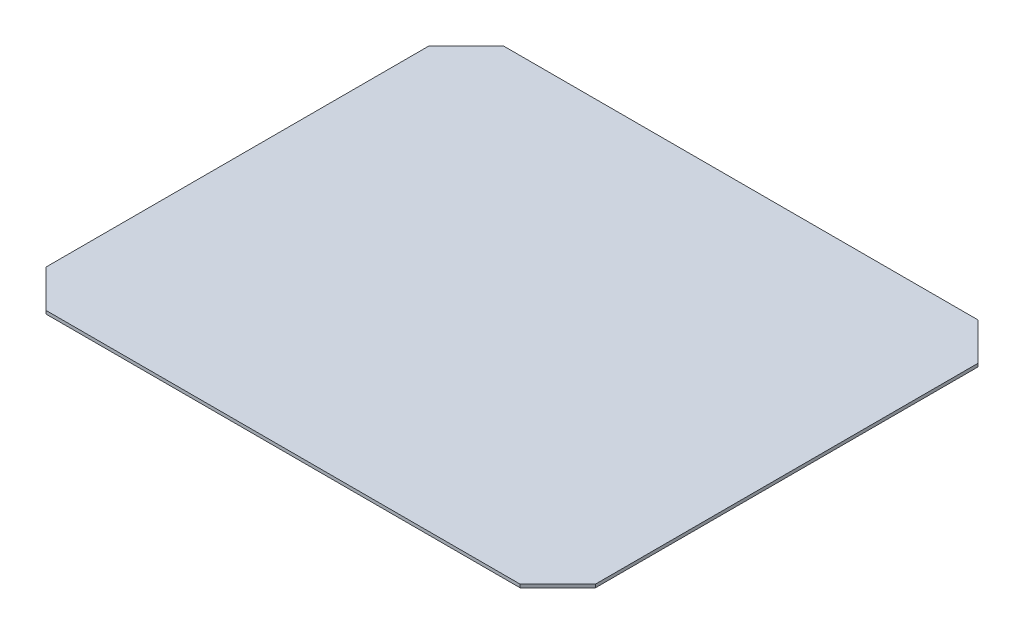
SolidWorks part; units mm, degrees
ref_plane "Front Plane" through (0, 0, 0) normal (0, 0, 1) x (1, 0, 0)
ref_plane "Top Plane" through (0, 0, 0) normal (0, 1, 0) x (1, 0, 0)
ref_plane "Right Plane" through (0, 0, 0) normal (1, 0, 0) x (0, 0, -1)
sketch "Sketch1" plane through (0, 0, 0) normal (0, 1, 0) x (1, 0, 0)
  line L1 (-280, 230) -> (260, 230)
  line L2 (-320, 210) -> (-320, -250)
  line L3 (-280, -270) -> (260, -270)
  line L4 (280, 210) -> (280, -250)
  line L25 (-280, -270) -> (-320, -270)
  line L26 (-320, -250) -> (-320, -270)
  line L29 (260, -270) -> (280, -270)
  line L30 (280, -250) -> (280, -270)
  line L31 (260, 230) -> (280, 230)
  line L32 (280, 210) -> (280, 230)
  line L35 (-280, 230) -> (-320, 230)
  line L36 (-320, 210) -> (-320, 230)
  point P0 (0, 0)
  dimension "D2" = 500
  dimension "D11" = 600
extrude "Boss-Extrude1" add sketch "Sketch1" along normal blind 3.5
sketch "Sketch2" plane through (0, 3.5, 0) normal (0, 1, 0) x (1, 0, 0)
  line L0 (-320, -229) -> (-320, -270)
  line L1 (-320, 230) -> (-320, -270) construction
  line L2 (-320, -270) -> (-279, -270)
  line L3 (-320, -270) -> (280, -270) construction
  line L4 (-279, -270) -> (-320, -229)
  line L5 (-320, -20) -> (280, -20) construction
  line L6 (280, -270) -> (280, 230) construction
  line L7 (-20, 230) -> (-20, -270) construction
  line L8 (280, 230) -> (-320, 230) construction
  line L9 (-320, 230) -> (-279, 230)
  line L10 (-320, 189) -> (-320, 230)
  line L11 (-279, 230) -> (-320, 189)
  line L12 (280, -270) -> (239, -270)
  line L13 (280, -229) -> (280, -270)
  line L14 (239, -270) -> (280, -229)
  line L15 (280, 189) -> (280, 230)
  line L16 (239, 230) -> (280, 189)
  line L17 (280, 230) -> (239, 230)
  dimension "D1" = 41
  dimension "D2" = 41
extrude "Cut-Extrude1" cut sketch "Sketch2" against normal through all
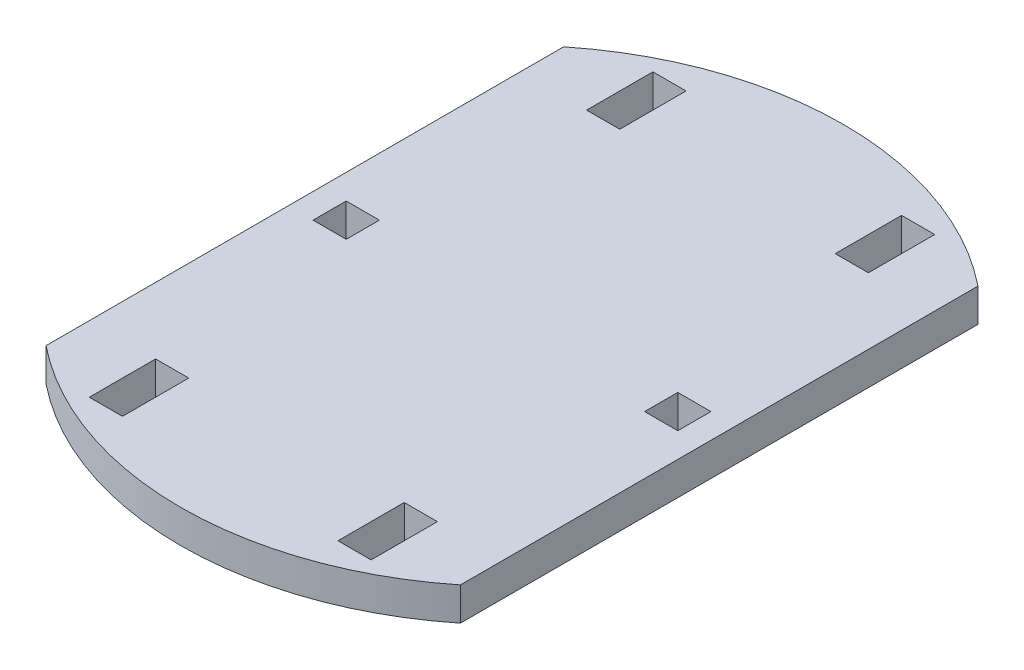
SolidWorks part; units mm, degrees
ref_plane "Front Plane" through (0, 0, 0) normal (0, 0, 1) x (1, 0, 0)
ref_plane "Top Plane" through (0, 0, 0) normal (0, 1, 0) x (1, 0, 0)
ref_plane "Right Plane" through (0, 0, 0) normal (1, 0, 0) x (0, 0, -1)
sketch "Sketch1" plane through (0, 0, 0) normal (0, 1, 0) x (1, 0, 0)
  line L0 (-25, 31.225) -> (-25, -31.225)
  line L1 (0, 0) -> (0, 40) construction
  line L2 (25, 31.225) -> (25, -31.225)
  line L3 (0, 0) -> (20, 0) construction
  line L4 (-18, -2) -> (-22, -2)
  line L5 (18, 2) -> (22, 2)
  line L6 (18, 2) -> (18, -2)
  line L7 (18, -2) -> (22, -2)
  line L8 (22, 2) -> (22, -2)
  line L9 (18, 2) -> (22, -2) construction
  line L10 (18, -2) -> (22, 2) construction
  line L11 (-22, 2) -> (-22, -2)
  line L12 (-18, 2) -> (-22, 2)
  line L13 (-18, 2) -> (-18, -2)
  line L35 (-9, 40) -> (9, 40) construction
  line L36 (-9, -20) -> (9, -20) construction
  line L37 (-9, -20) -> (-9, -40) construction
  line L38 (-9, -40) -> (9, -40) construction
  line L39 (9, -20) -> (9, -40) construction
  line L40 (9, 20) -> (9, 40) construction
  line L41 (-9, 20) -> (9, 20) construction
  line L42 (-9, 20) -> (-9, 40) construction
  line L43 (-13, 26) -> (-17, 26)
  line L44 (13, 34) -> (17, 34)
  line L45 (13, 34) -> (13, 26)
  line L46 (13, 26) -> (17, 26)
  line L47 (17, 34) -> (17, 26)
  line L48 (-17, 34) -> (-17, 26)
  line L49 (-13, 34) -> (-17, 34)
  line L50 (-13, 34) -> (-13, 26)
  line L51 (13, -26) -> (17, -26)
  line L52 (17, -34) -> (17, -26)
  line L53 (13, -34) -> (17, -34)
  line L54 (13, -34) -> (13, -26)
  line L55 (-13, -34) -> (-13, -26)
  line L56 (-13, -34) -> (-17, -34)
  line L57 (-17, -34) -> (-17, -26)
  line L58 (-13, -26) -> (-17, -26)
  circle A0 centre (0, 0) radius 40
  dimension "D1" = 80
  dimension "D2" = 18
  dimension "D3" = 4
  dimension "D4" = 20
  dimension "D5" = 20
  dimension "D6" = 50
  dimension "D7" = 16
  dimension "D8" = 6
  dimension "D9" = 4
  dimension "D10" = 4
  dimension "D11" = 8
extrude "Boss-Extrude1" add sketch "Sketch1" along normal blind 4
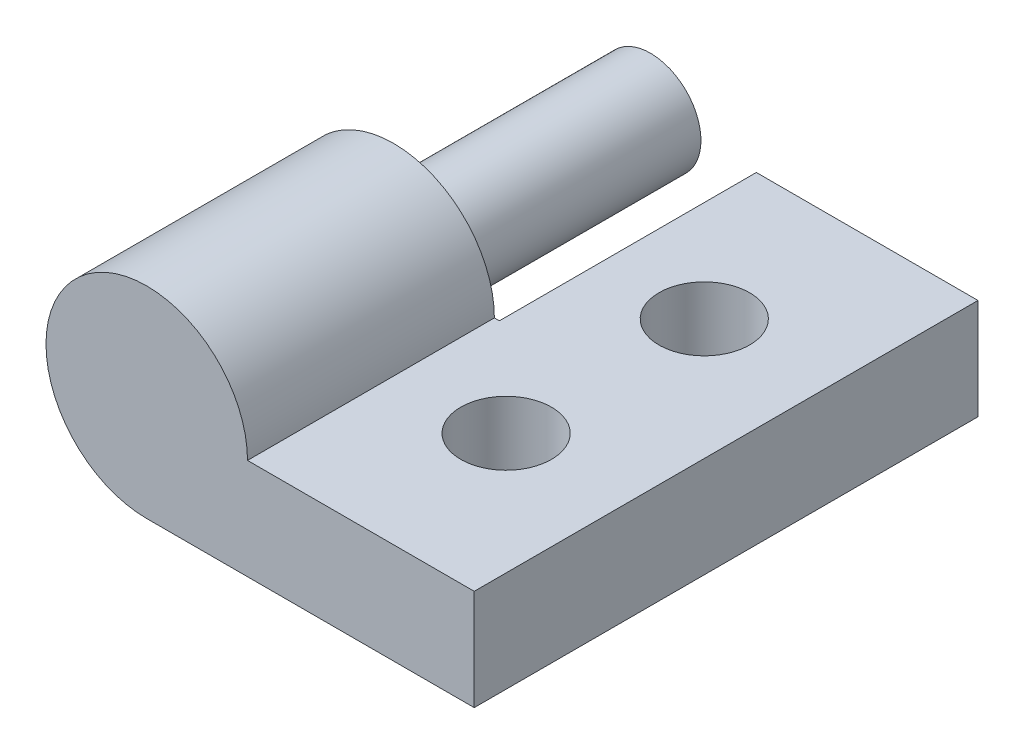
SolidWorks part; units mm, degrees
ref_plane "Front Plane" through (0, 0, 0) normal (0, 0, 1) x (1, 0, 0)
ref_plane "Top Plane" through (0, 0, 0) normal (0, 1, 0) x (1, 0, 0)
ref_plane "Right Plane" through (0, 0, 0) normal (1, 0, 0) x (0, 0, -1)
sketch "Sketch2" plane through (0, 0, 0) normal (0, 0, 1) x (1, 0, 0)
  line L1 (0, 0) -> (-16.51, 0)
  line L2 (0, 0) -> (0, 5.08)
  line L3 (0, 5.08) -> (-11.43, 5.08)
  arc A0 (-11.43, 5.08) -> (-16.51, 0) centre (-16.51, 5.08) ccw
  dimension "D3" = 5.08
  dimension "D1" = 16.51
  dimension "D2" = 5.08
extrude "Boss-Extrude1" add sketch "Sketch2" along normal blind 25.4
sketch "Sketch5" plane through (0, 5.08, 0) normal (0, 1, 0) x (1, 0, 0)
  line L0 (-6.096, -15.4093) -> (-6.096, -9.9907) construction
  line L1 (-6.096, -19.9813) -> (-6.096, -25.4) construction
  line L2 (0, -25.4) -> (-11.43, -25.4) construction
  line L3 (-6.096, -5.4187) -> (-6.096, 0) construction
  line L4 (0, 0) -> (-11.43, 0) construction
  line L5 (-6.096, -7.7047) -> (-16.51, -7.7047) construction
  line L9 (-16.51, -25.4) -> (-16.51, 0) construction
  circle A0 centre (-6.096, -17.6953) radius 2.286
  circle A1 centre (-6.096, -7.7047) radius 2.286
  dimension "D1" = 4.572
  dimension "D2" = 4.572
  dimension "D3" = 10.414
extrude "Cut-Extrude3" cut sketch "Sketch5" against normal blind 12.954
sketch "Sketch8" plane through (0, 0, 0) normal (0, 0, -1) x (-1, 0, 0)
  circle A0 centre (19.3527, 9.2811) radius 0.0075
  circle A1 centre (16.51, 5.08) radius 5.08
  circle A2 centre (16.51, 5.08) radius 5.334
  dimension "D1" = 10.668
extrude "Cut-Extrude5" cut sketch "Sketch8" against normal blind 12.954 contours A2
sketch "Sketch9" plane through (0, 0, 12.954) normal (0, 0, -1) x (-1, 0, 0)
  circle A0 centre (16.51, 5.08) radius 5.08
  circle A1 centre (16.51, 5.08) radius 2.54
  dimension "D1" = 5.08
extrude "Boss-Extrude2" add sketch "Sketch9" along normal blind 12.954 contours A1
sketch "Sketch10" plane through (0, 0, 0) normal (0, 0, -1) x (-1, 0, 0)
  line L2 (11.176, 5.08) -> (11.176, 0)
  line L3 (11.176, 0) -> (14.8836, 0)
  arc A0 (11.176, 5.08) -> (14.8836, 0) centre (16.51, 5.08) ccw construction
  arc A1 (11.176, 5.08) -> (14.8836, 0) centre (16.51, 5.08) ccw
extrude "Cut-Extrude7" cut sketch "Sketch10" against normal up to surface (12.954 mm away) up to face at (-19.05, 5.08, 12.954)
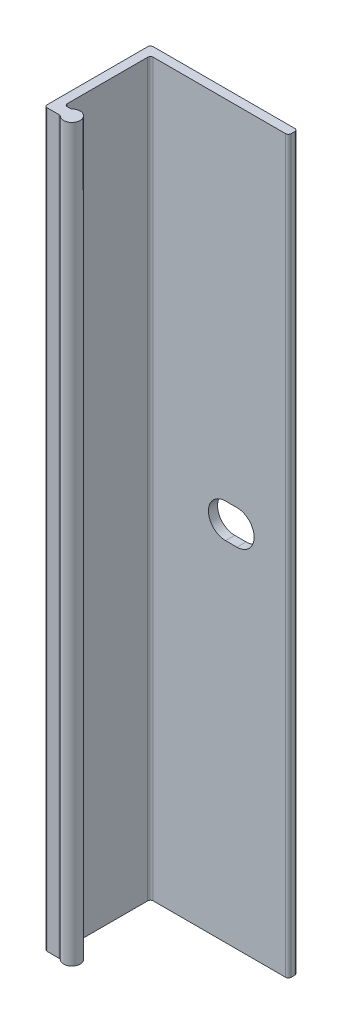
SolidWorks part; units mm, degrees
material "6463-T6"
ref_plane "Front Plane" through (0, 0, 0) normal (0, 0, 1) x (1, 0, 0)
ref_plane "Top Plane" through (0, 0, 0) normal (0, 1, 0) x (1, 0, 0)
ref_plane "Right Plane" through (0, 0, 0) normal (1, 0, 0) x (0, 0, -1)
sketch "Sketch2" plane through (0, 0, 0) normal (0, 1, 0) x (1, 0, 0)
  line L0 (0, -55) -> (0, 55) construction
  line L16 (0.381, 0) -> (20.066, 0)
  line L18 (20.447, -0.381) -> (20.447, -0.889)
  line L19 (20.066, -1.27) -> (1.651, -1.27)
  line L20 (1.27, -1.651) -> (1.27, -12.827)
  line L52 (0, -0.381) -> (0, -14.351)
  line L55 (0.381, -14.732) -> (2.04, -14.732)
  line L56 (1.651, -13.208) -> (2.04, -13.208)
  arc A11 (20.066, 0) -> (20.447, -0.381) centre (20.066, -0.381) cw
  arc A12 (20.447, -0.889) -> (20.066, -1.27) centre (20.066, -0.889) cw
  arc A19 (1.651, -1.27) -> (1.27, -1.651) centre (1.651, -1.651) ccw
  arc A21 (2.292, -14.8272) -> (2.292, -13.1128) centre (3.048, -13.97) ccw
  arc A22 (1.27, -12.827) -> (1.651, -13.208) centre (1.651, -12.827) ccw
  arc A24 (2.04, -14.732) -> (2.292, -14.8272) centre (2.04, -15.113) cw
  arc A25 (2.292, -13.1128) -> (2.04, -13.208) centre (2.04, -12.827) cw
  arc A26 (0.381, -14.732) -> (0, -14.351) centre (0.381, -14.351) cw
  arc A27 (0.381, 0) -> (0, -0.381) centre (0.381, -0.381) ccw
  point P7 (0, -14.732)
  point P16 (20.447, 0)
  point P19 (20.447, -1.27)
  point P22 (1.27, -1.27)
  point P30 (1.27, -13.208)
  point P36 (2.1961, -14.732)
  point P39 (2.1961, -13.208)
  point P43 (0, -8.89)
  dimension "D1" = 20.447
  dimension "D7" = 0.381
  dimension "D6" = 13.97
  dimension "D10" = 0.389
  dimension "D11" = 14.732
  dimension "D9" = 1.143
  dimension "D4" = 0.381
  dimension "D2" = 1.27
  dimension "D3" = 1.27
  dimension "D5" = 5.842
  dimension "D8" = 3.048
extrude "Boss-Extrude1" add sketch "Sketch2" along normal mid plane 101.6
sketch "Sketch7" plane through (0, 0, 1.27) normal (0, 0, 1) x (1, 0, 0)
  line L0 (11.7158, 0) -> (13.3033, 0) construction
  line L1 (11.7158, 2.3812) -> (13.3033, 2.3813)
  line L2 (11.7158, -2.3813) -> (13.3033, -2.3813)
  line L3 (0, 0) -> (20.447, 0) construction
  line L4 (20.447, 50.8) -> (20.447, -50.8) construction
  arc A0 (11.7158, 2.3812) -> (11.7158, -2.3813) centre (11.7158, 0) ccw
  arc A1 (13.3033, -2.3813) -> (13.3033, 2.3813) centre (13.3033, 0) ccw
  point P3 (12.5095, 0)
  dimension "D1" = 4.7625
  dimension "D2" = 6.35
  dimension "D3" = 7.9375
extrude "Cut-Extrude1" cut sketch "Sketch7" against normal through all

* * * * * * *

* _INSTRUCTIONS TO FOLLOW_
Search the data above for the word "Boss". Copy each line it is in.

* _RESULT_
extrude "Boss-Extrude1" add sketch "Sketch1" along normal blind 3.5
extrude "Boss-Extrude1" add sketch "Sketch1" along normal blind 4
extrude "Boss-Extrude1" add sketch "Sketch2" along normal blind 25.4
extrude "Boss-Extrude2" add sketch "Sketch9" along normal blind 12.954 contours A1
extrude "Boss-Extrude1" add sketch "Sketch2" along normal mid plane 101.6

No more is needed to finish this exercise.